[Start of section]

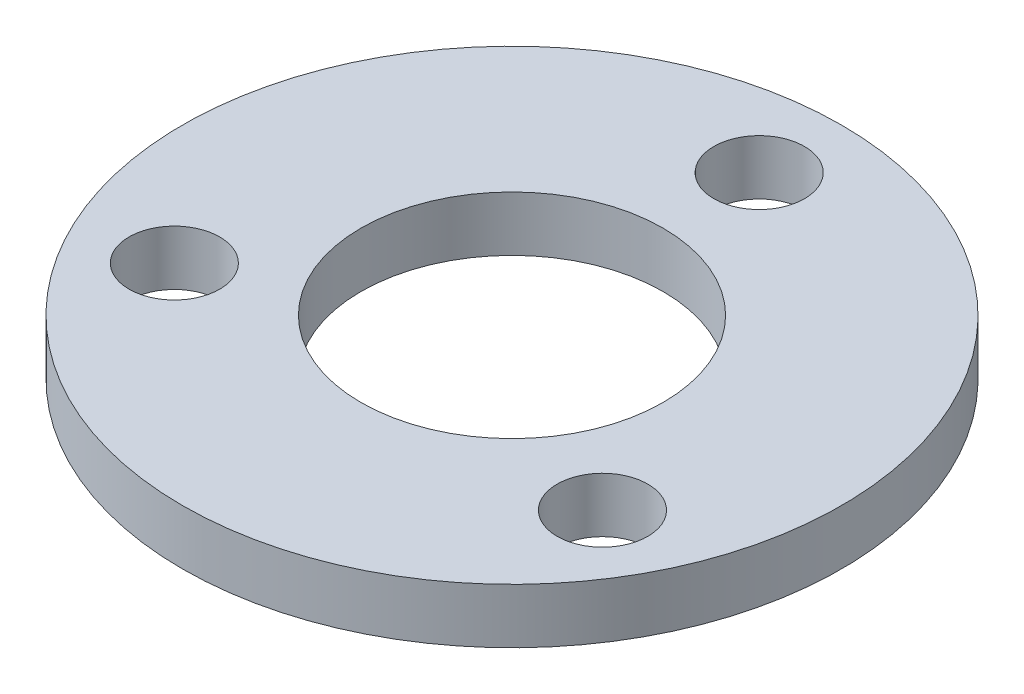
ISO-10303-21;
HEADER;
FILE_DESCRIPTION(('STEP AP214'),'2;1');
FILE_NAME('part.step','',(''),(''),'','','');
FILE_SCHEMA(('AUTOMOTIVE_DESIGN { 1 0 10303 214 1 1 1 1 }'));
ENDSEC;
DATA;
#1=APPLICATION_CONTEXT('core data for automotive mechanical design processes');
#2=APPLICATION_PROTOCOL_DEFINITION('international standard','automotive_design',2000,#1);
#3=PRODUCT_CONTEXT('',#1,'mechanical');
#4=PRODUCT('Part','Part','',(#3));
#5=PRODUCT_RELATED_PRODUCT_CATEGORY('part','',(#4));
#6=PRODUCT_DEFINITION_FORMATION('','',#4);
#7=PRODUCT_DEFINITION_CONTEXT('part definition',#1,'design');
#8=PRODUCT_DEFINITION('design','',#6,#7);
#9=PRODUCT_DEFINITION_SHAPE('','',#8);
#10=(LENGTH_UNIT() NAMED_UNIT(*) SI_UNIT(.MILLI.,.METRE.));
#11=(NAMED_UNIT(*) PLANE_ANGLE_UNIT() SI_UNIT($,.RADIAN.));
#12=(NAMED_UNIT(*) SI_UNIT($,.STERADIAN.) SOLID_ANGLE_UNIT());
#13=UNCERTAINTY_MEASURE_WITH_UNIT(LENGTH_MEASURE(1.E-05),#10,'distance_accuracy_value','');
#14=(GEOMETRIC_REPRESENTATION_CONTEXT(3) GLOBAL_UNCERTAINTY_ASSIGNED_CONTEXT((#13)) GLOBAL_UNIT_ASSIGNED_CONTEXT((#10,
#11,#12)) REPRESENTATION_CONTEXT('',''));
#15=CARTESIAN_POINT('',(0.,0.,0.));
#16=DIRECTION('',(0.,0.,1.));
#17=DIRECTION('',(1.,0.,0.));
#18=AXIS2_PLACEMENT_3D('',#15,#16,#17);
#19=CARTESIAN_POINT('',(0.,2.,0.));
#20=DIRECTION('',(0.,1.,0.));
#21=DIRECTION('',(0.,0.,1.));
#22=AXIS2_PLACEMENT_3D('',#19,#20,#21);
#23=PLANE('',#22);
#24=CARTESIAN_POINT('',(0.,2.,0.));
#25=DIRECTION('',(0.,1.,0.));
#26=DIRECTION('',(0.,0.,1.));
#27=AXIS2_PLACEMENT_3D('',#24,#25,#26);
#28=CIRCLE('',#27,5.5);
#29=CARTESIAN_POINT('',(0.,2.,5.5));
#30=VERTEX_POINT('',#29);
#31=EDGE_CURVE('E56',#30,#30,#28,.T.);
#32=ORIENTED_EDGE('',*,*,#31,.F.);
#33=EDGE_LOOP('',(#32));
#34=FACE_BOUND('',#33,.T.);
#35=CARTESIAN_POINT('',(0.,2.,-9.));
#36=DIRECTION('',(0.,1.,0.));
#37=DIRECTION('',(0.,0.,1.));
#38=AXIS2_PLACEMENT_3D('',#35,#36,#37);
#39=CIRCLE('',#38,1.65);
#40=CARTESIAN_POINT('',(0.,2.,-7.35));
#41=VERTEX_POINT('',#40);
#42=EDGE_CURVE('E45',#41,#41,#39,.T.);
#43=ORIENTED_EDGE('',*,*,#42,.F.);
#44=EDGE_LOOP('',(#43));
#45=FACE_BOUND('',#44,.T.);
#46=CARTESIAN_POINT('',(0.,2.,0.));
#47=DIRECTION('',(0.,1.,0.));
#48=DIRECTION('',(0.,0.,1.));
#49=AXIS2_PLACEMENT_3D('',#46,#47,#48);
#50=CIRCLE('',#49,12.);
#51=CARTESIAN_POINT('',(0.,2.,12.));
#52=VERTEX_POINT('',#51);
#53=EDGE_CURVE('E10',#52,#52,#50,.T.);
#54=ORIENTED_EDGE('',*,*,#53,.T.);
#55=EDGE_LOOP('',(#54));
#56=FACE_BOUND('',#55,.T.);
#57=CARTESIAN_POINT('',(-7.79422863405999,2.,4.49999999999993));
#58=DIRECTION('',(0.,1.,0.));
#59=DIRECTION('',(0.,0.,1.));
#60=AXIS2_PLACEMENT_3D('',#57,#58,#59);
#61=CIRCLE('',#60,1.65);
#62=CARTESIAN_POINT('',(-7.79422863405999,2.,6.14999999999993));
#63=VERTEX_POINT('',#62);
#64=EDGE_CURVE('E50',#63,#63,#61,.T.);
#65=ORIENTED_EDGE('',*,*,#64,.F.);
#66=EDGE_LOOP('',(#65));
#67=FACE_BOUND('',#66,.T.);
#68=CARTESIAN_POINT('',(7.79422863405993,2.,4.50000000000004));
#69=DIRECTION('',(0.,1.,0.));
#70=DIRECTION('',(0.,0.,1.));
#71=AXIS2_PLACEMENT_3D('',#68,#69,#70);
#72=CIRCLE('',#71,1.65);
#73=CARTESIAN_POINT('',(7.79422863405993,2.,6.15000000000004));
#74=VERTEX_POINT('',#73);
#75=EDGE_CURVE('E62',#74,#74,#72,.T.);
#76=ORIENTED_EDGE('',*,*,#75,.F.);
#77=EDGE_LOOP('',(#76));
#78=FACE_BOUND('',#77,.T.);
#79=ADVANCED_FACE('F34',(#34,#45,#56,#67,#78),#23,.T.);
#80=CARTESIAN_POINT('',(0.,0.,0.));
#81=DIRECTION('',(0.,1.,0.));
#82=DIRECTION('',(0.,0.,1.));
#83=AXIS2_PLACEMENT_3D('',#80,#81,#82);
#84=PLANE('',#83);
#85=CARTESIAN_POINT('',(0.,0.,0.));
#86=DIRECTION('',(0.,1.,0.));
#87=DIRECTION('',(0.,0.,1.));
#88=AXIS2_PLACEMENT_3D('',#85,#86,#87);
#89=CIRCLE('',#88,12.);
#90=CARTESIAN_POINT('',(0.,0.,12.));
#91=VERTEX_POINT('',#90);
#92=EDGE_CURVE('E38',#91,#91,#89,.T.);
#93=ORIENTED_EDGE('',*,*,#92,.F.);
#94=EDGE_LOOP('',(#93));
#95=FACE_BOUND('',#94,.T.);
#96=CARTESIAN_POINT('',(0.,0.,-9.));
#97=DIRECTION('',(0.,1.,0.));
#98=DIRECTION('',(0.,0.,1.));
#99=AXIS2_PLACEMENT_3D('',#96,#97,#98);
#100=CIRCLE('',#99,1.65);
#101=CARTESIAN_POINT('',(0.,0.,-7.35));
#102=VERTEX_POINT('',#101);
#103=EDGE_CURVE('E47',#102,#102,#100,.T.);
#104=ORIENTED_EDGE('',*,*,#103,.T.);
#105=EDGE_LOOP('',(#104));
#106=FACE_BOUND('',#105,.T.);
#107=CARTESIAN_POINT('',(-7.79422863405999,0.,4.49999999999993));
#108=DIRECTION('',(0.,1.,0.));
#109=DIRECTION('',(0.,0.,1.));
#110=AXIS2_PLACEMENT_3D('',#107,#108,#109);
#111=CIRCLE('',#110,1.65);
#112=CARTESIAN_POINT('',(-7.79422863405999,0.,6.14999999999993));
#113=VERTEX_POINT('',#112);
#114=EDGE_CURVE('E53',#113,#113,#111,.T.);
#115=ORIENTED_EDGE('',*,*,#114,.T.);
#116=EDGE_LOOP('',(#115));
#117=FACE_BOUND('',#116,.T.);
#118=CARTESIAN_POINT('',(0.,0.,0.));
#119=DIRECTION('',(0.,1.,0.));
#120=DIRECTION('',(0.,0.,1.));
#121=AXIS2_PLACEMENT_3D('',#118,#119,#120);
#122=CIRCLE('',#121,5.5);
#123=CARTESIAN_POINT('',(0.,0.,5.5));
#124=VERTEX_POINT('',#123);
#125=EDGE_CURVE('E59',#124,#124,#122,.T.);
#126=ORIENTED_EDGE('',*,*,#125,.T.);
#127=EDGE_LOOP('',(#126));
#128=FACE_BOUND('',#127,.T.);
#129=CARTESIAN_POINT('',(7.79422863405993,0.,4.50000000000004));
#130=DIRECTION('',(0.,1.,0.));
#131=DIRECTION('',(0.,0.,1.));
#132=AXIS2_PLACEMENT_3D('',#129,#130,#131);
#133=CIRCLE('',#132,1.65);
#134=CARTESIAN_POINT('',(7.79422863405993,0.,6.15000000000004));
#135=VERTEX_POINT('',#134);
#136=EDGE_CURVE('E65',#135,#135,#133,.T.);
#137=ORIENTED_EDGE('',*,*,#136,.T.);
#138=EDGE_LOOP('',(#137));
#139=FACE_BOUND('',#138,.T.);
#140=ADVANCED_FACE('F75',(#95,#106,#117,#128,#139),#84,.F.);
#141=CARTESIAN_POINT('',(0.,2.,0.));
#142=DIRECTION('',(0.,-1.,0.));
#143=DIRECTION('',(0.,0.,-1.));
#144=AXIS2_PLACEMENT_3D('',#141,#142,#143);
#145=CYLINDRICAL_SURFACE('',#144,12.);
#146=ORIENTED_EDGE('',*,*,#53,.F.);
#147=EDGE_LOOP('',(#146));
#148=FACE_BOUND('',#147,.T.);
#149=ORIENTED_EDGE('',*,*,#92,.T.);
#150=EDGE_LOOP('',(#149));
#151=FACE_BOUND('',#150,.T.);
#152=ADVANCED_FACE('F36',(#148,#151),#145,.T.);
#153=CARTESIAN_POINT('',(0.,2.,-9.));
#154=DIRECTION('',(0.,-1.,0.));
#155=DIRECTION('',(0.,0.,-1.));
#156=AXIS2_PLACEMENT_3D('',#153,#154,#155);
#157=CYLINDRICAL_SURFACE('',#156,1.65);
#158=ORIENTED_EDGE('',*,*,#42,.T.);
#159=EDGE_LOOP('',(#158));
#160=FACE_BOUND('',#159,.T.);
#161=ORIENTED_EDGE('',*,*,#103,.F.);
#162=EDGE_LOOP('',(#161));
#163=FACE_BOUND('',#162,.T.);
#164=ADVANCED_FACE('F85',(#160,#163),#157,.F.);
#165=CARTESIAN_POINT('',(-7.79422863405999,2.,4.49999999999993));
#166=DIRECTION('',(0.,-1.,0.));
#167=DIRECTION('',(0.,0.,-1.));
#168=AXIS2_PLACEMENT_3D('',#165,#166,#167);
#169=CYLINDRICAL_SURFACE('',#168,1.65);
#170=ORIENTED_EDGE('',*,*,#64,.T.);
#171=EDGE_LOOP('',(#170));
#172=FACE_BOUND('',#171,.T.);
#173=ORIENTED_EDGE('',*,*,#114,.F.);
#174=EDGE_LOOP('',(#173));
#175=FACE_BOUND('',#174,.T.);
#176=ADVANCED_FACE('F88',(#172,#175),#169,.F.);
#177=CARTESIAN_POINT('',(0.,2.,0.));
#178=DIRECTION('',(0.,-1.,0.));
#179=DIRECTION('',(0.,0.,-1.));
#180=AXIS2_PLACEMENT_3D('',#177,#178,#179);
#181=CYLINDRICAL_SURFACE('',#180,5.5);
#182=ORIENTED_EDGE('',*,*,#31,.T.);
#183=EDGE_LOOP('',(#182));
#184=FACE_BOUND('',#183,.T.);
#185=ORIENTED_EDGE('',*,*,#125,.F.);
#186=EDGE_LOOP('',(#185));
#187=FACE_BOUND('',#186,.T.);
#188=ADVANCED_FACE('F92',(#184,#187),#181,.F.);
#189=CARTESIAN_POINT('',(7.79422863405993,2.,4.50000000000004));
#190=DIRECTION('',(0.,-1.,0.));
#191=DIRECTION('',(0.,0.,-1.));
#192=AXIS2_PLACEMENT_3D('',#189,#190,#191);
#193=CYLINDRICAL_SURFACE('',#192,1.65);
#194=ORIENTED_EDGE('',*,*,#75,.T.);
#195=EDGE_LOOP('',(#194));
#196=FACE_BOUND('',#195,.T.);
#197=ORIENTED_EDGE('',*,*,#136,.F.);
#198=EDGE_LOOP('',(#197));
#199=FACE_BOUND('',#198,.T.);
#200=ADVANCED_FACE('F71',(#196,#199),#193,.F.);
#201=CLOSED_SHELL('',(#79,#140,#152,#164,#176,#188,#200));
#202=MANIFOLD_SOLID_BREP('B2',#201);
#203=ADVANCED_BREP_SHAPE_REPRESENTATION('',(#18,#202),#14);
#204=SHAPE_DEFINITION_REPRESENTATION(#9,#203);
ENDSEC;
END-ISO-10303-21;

[End of section]

◆ **Problem**
Transcribe the records above exactly, beginning at the line that contains "#150=EDGE_LOOP('',(#149));" and ending with the line that contains "#162=EDGE_LOOP('',(#161));", both included, and nothing else.

◆ **Solution to this task**
#150=EDGE_LOOP('',(#149));
#151=FACE_BOUND('',#150,.T.);
#152=ADVANCED_FACE('F36',(#148,#151),#145,.T.);
#153=CARTESIAN_POINT('',(0.,2.,-9.));
#154=DIRECTION('',(0.,-1.,0.));
#155=DIRECTION('',(0.,0.,-1.));
#156=AXIS2_PLACEMENT_3D('',#153,#154,#155);
#157=CYLINDRICAL_SURFACE('',#156,1.65);
#158=ORIENTED_EDGE('',*,*,#42,.T.);
#159=EDGE_LOOP('',(#158));
#160=FACE_BOUND('',#159,.T.);
#161=ORIENTED_EDGE('',*,*,#103,.F.);
#162=EDGE_LOOP('',(#161));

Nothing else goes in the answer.